After, there was a short period set aside at the end for questions. An environmentalist in the corner stood.
“If this is a lecture on nuclear energy and the environment, then why haven’t you included anything about the dangers of radiation?” he asked. “You sound to me like a salesman. If this whole process is so safe, why is there not more transparency? Why is so much of the information about these plants kept secret?”
“Shut up!” shouted a student disciple from the back. ”It is to protect it from the mafia!”
A big debate took off then, bespectacled environmentalists shouting from the one corner, bespectacled students from the other. The professor did himself no favours, waving away health concerns with repeated non sequiturs about waste disposal regulations. Looking amused and slightly embarrassed, the organizers of the lecture tried to hush the dissidents and decided time was up. Shame next week’s lecture is on computer science, or I’d go again.
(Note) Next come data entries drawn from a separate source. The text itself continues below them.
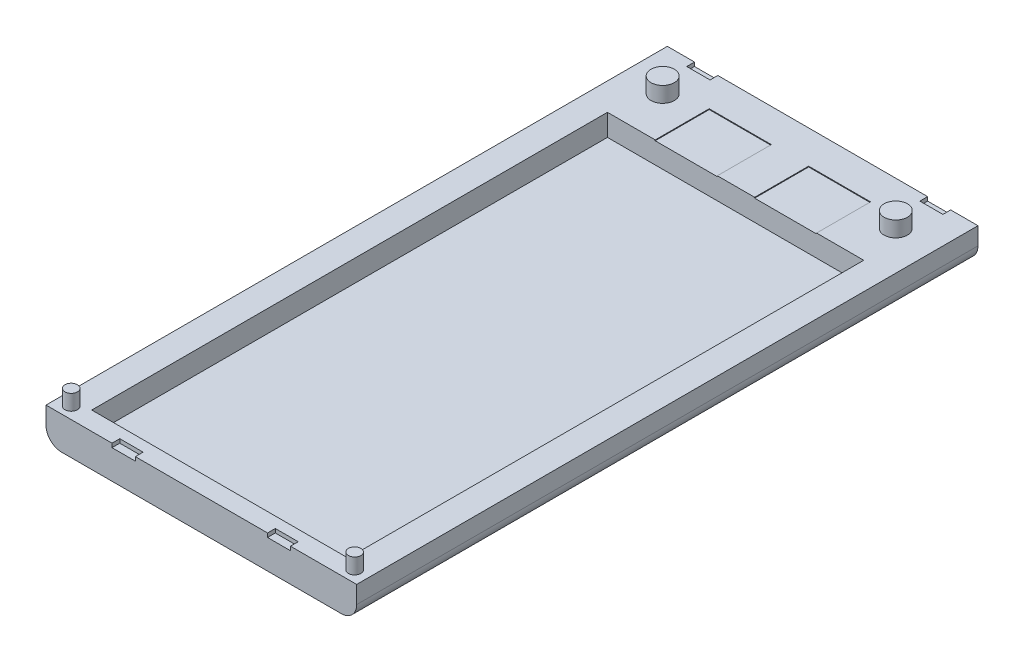
from build123d import *

# Parameters (mm, degrees)
SKETCH2_W           = 40
SKETCH2_H           = 80
BOSS_EXTRUDE2_DEPTH = 4.25
CUT_EXTRUDE3_DEPTH  = 2.8
CUT_EXTRUDE4_DEPTH  = 0.1
F_3DSKETCH4_R       = 1.5
BOSS_EXTRUDE3_DEPTH = 2
F_3DSKETCH5_R       = 0.8
BOSS_EXTRUDE4_DEPTH = 2
FILLET1_R           = 2
CUT_EXTRUDE5_DEPTH  = 1
SKETCH4_W           = 2.963043318
SKETCH4_H           = 0.5
SKETCH4_W_2         = 2.99871765
CUT_EXTRUDE6_DEPTH  = 1
SKETCH5_W           = 0.284935898
SKETCH5_H           = 3.256410256
SKETCH5_W_2         = 0.284935897
CUT_EXTRUDE7_DEPTH  = 0.5


with BuildPart() as part:
    # Sketch2 → Boss-Extrude2 (new body)
    with BuildSketch(Plane(origin=(0, 0, 0), x_dir=(1, 0, 0), z_dir=(0, 1, 0))):
        Rectangle(SKETCH2_W, SKETCH2_H)
    extrude(amount=BOSS_EXTRUDE2_DEPTH)

    # 3DSketch2 → Cut-Extrude3 (cut)
    with BuildSketch(Plane(origin=(-16.5, 4.25, 37.611644857), x_dir=(0.4450544542521407, 0, -0.8955035079497619), z_dir=(0, -1, 0))):
        Polygon((0, 0), (59.461432928, -29.551615762), (74.148229918, 0), (14.68679699, 29.551615762), align=None)
    extrude(amount=CUT_EXTRUDE3_DEPTH, mode=Mode.SUBTRACT)

    # 3DSketch3 → Cut-Extrude4 (cut)
    with BuildSketch(Plane(origin=(-2.347777477, 4.25, -28.788355143), x_dir=(0.8783770933066173, 0, -0.47796828551088866), z_dir=(0, 1, 0))):
        Polygon((0, 0), (-7.027782324, 3.824162873), (-3.705260259, 9.930064377), (3.322522065, 6.105901505), align=None)
        Polygon((4.216210048, -2.29424777), (11.221003942, -6.105901505), (14.543526007, 0), (7.538732113, 3.811653734), align=None)
    extrude(amount=-CUT_EXTRUDE4_DEPTH, mode=Mode.SUBTRACT)

    # 3DSketch4 → Boss-Extrude3 (add)
    with BuildSketch(Plane(origin=(-15, 4.25, -34.4), x_dir=(1, 0, 0), z_dir=(0, -1, 0))):
        with Locations(Location((0, 0, 0), (0, 0, 90))):
            Circle(F_3DSKETCH4_R)
        with Locations(Location((30.012966491, 0, 0), (0, 0, 90))):
            Circle(F_3DSKETCH4_R)
    extrude(amount=-BOSS_EXTRUDE3_DEPTH)

    # 3DSketch5 → Boss-Extrude4 (add)
    with BuildSketch(Plane(origin=(-18.25, 4.25, 38.508038117), x_dir=(1, 0, 0), z_dir=(0, -1, 0))):
        with Locations(Location((0, 0, 0), (0, 0, 90))):
            Circle(F_3DSKETCH5_R)
        with Locations(Location((36.500375839, 0, 0), (0, 0, 90))):
            Circle(F_3DSKETCH5_R)
    extrude(amount=-BOSS_EXTRUDE4_DEPTH)

    # Fillet1
    fillet1_edges = [part.edges().sort_by_distance(p)[0] for p in [
        (-20, 0, 0),
        (20, 0, 0),
    ]]
    fillet(fillet1_edges, radius=FILLET1_R)

    # 3DSketch6 → Cut-Extrude5 (cut)
    with BuildSketch(Plane(origin=(-11.502928921, 3.74686041, 40), x_dir=(0.9997603843672082, 0.021890039971004784, 0), z_dir=(0, 0, 1))):
        Polygon((0, 0), (3.005137591, -0.065798348), (3.016151337, 0.437220682), (0.011013746, 0.50301903), align=None)
        Polygon((20.021702774, -0.438380917), (22.973850192, -0.50301903), (22.984863938, 0), (20.032716519, 0.064638113), align=None)
    extrude(amount=-CUT_EXTRUDE5_DEPTH, mode=Mode.SUBTRACT)

    # Sketch4 → Cut-Extrude6 (cut)
    with BuildSketch(Plane(origin=(0, 0, -40), x_dir=(-1, 0, 0), z_dir=(0, 0, -1))):
        with Locations((-15, 4)):
            Rectangle(SKETCH4_W, SKETCH4_H)
        with Locations((15, 4)):
            Rectangle(SKETCH4_W_2, SKETCH4_H)
    extrude(amount=-CUT_EXTRUDE6_DEPTH, mode=Mode.SUBTRACT)

    # Sketch5 → Cut-Extrude7 (cut)
    # profile 1 of 9: a face of its own
    with BuildSketch(Plane(origin=(0, 0, 0), x_dir=(-1, 0, 0), z_dir=(0, -1, 0))):
        Polygon((-9.103165809, -33.30351631), (-8.797877348, -33.30351631), (-7.739544014, -35.80560966), (-6.681210681, -33.30351631), (-6.37592222, -33.30351631), (-7.71919145, -36.47851631), (-7.759896579, -36.47851631), align=None)
    # profile 2 of 9: a face of its own
    with BuildSketch(Plane(origin=(0, 0, 0), x_dir=(-1, 0, 0), z_dir=(0, -1, 0))):
        with BuildLine():
            add(Edge.make_bspline(
                [(-4.76679762, -34.117618875), (-4.72326268, -34.118545876), (-4.637901301, -34.120363499), (-4.512889862, -34.139789932), (-4.393559631, -34.16949647), (-4.279453586, -34.210564244), (-4.172033089, -34.265611442), (-4.069733461, -34.331297013), (-3.972835174, -34.40911408), (-3.91475714, -34.469310328), (-3.885277188, -34.499865469)],
                knots=[0, 0, 0, 0, 1.054011418, 2.066658804, 3.057071809, 4.030435133, 4.997543892, 5.974964718, 6.972108034, 8, 8, 8, 8], degree=3))
            add(Edge.make_bspline(
                [(-3.885277188, -34.499865469), (-3.859893558, -34.529088156), (-3.809617541, -34.586967991), (-3.745150782, -34.680817011), (-3.689614081, -34.778008388), (-3.645106967, -34.879832749), (-3.610014124, -34.985401201), (-3.585098814, -35.095076596), (-3.57027888, -35.208616726), (-3.568280474, -35.28572735), (-3.567268373, -35.324780333)],
                knots=[0, 0, 0, 0, 1.025258237, 2.030674902, 3.01204498, 3.988269485, 4.97094183, 5.956517959, 6.965070386, 8, 8, 8, 8], degree=3))
            add(Edge.make_bspline(
                [(-3.567268373, -35.324780333), (-3.568158587, -35.364059671), (-3.569917689, -35.441677475), (-3.58655797, -35.555995042), (-3.612439741, -35.666843203), (-3.649480051, -35.773757875), (-3.696976336, -35.877065868), (-3.754934317, -35.97631596), (-3.823760712, -36.071703966), (-3.901778624, -36.162419919), (-3.988004254, -36.246027843), (-4.081545331, -36.318897059), (-4.180563634, -36.381328013), (-4.286375818, -36.431616762), (-4.39801561, -36.471267704), (-4.515723807, -36.499117005), (-4.63931755, -36.515955103), (-4.723706529, -36.518117345), (-4.76679762, -36.519221439)],
                knots=[0, 0, 0, 0, 0.998656419, 1.973391657, 2.932242238, 3.890759089, 4.846373663, 5.82037756, 6.809684879, 7.83454468, 8.860553229, 9.859544525, 10.845671541, 11.83227036, 12.833544569, 13.85385346, 14.904124723, 16, 16, 16, 16], degree=3))
            add(Edge.make_bspline(
                [(-4.76679762, -36.519221439), (-4.81009983, -36.518113639), (-4.894909396, -36.515943958), (-5.018939394, -36.499182423), (-5.136858548, -36.471280539), (-5.248644491, -36.431486456), (-5.354911602, -36.381326406), (-5.454503639, -36.319085802), (-5.548120705, -36.246006232), (-5.634364576, -36.162425775), (-5.712377597, -36.071702458), (-5.781205254, -35.976316351), (-5.839162907, -35.877065766), (-5.886659278, -35.773757902), (-5.923699566, -35.666843196), (-5.949581342, -35.555995044), (-5.966221621, -35.441677474), (-5.967980724, -35.364059671), (-5.968870938, -35.324780333)],
                knots=[0, 0, 0, 0, 1.099876186, 2.154163076, 3.173186993, 4.173200201, 5.163417411, 6.152872554, 7.150605724, 8.17532212, 9.198891216, 10.186952605, 11.159729845, 12.11414092, 13.071450619, 14.029093627, 15.002601286, 16, 16, 16, 16], degree=3))
            add(Edge.make_bspline(
                [(-5.968870938, -35.324780333), (-5.967851935, -35.285939609), (-5.965834484, -35.209041651), (-5.951029451, -35.09571496), (-5.926211332, -34.986225186), (-5.891076422, -34.881064219), (-5.84615907, -34.779686073), (-5.791402759, -34.682254548), (-5.726278399, -34.5888299), (-5.676202343, -34.53102487), (-5.650862123, -34.501773522)],
                knots=[0, 0, 0, 0, 1.031353054, 2.041901799, 3.029428768, 4.008703097, 4.981709435, 5.96992636, 6.972712378, 8, 8, 8, 8], degree=3))
            add(Edge.make_bspline(
                [(-5.650862123, -34.501773522), (-5.621426616, -34.470953399), (-5.563536511, -34.410340203), (-5.466155879, -34.332749984), (-5.364107913, -34.265697546), (-5.255500301, -34.211744122), (-5.141487995, -34.169254895), (-5.021546253, -34.139713321), (-4.896110607, -34.120433492), (-4.810331522, -34.11856643), (-4.76679762, -34.117618875)],
                knots=[0, 0, 0, 0, 1.027980169, 2.021703884, 2.998553061, 3.971491411, 4.943284454, 5.930300938, 6.949603206, 8, 8, 8, 8], degree=3))
        make_face()
        with BuildLine():
            add(Edge.make_bspline(
                [(-4.768069656, -34.402554772), (-4.798855917, -34.403429794), (-4.859633698, -34.405157251), (-4.94909575, -34.418296221), (-5.035220033, -34.439112886), (-5.118169941, -34.468689423), (-5.197665748, -34.506879138), (-5.273783563, -34.553786008), (-5.346747276, -34.608788761), (-5.415129576, -34.671801327), (-5.477887817, -34.740634415), (-5.532749981, -34.813975427), (-5.579399899, -34.890634755), (-5.618262043, -34.970692118), (-5.647206421, -35.054958808), (-5.668227663, -35.142480523), (-5.681354238, -35.23343558), (-5.683065453, -35.29526736), (-5.68393504, -35.326688386)],
                knots=[0, 0, 0, 0, 1.021534396, 2.016698045, 2.994645724, 3.958388632, 4.93408049, 5.916473867, 6.921342795, 7.962252576, 8.998418191, 10.008913653, 10.997312074, 11.973003931, 12.956656626, 13.948281152, 14.957379055, 16, 16, 16, 16], degree=3))
            add(Edge.make_bspline(
                [(-5.68393504, -35.326688386), (-5.682477422, -35.367284868), (-5.679584321, -35.447861293), (-5.656057357, -35.566525668), (-5.616699803, -35.680446348), (-5.563552771, -35.788955498), (-5.496962844, -35.889351065), (-5.418506719, -35.978860197), (-5.329026419, -36.056135898), (-5.229588594, -36.120253522), (-5.12222432, -36.171198443), (-5.008598943, -36.207301799), (-4.89008917, -36.23077112), (-4.809098793, -36.233103815), (-4.768069656, -36.234285541)],
                knots=[0, 0, 0, 0, 1.016792936, 2.018143844, 3.017858371, 4.030088057, 5.03801393, 6.028138512, 7.003788237, 7.991172063, 8.984598303, 9.972568034, 10.972917682, 12, 12, 12, 12], degree=3))
            add(Edge.make_bspline(
                [(-4.768069656, -36.234285541), (-4.727042878, -36.23309693), (-4.646057159, -36.230750644), (-4.527712048, -36.20742), (-4.414397231, -36.171040251), (-4.307144472, -36.120310818), (-4.207751911, -36.055892413), (-4.117628065, -35.979296557), (-4.039841825, -35.889113991), (-3.973317769, -35.788822519), (-3.919300367, -35.680614571), (-3.880127034, -35.566504642), (-3.856543509, -35.447866647), (-3.853658043, -35.367286662), (-3.852204271, -35.326688386)],
                knots=[0, 0, 0, 0, 1.02726834, 2.027799167, 3.010890988, 4.004497153, 4.992059811, 5.971914811, 6.958719428, 7.966827853, 8.981595046, 9.981490638, 10.983022906, 12, 12, 12, 12], degree=3))
            add(Edge.make_bspline(
                [(-3.852204271, -35.326688386), (-3.853073559, -35.295267173), (-3.854784184, -35.233435022), (-3.867915045, -35.142482654), (-3.888920427, -35.054950991), (-3.917923252, -34.970720959), (-3.956616536, -34.890427473), (-4.004166055, -34.814200507), (-4.058804199, -34.740380354), (-4.122319731, -34.672023837), (-4.190630652, -34.608764197), (-4.263623937, -34.553764679), (-4.339628881, -34.507085289), (-4.418893739, -34.468362771), (-4.501854282, -34.439381969), (-4.587857892, -34.418176025), (-4.676938241, -34.405212775), (-4.73749823, -34.40344644), (-4.768069656, -34.402554772)],
                knots=[0, 0, 0, 0, 1.042956736, 2.052379634, 3.044323526, 4.02829302, 5.004299113, 5.996692471, 7.007513377, 8.048758398, 9.090003419, 10.095195979, 11.07790575, 12.047570684, 13.018257071, 13.989683339, 14.985167495, 16, 16, 16, 16], degree=3))
        make_face(mode=Mode.SUBTRACT)
    # profile 3 of 9: a face of its own
    with BuildSketch(Plane(origin=(0, 0, 0), x_dir=(-1, 0, 0), z_dir=(0, -1, 0))):
        with Locations((-2.895633758, -34.850311182)):
            Rectangle(SKETCH5_W, SKETCH5_H)
    # profile 4 of 9: a face of its own
    with BuildSketch(Plane(origin=(0, 0, 0), x_dir=(-1, 0, 0), z_dir=(0, -1, 0))):
        Polygon((-1.816947861, -33.222106054), (-1.532011963, -33.222106054), (-1.532011963, -34.158324003), (-1.124960681, -34.158324003), (-1.124960681, -34.4432599), (-1.532011963, -34.4432599), (-1.532011963, -36.47851631), (-1.816947861, -36.47851631), (-1.816947861, -34.4432599), (-2.223999143, -34.4432599), (-2.223999143, -34.158324003), (-1.816947861, -34.158324003), align=None)
    # profile 5 of 9: a face of its own
    with BuildSketch(Plane(origin=(0, 0, 0), x_dir=(-1, 0, 0), z_dir=(0, -1, 0))):
        with BuildLine():
            Line((1.724398293, -34.158324003), (1.724398293, -36.47851631))
            Line((1.724398293, -36.47851631), (1.439462396, -36.47851631))
            Line((1.439462396, -36.47851631), (1.439462396, -36.077189187))
            add(Edge.make_bspline(
                [(1.439462396, -36.077189187), (1.407332493, -36.113510819), (1.344630583, -36.18439294), (1.239908998, -36.276996053), (1.128903579, -36.353539245), (1.012153095, -36.415360954), (0.889762974, -36.461799462), (0.762004524, -36.494806907), (0.628825628, -36.516028457), (0.537882421, -36.518147563), (0.49179613, -36.519221439)],
                knots=[0, 0, 0, 0, 1.074387032, 2.096679803, 3.090159297, 4.057316773, 5.018401886, 5.985159533, 6.978961417, 8, 8, 8, 8], degree=3))
            add(Edge.make_bspline(
                [(0.49179613, -36.519221439), (0.450822343, -36.518108944), (0.370020221, -36.515915055), (0.25115813, -36.498894965), (0.136774447, -36.471562187), (0.026761084, -36.433552094), (-0.078170076, -36.383132349), (-0.17891745, -36.322769931), (-0.274959106, -36.250887178), (-0.364831145, -36.168710895), (-0.447591602, -36.079452585), (-0.520218614, -35.984251982), (-0.580773194, -35.883520749), (-0.631409981, -35.778534245), (-0.670413808, -35.668484283), (-0.697604176, -35.553751423), (-0.714604438, -35.434471324), (-0.716797421, -35.353246185), (-0.717909399, -35.31205998)],
                knots=[0, 0, 0, 0, 1.033919861, 2.038935746, 3.024066025, 3.998881131, 4.97069526, 5.957263378, 6.95902576, 7.993208707, 9.027059324, 10.027763471, 11.009749337, 11.988697705, 12.965288445, 13.950418724, 14.960734635, 16, 16, 16, 16], degree=3))
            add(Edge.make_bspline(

As the former vice-chancellor of Bangalore University, Professor Siddappa is obviously a very clever man who knows a lot about nuclear science. In university, I studied just enough nuclear chemistry to know I understand nothing but that theoretically, the science is beautiful. As the heart of our sun and so source of life on our planet, it must be one of the closest things science has to divinity, and so it follows that its applications by man - for example, in weaponry - cannot come without some fear of a God complex. The potential applications of nuclear power are great, and surely the science is something to be explored and the debate about its utilisation held. But that debate is not something that should be dominated by one viewpoint alone, whether that be theoretical, political or social.
It is uncontested that we need an alternative energy source to fossil fuels, and that these alternatives must be able to meet our rising energy demands. But nuclear is not the only alternative, and technologies such as solar or wind have nothing like the dubious track record of nuclear applications. There are communities living next to a uranium mine in Jaduguda, Jharkhand displaying abnormally high rates of deformity; where nearly one in five women has suffered at least one miscarriage or stillbirth. Just this month a leak of radioactive material has been found in a nuclear waste storage site in Lower Saxony, Germany. Nuclear waste is highly carcinogenic, capable of causing genetic mutations that can pervade for generations, and, as pointed out in this lecture, can last for thousands of years. Accidents do, and will, happen. Worse is the blind eye turned to the improper disposal of waste in developing countries; people distorted and suffering for politics and money.
To give such a one-sided endorsement of as complex an issue as that of nuclear power generation when such social consequences as these exist in the world makes a mockery of your argument, and of those who would support it.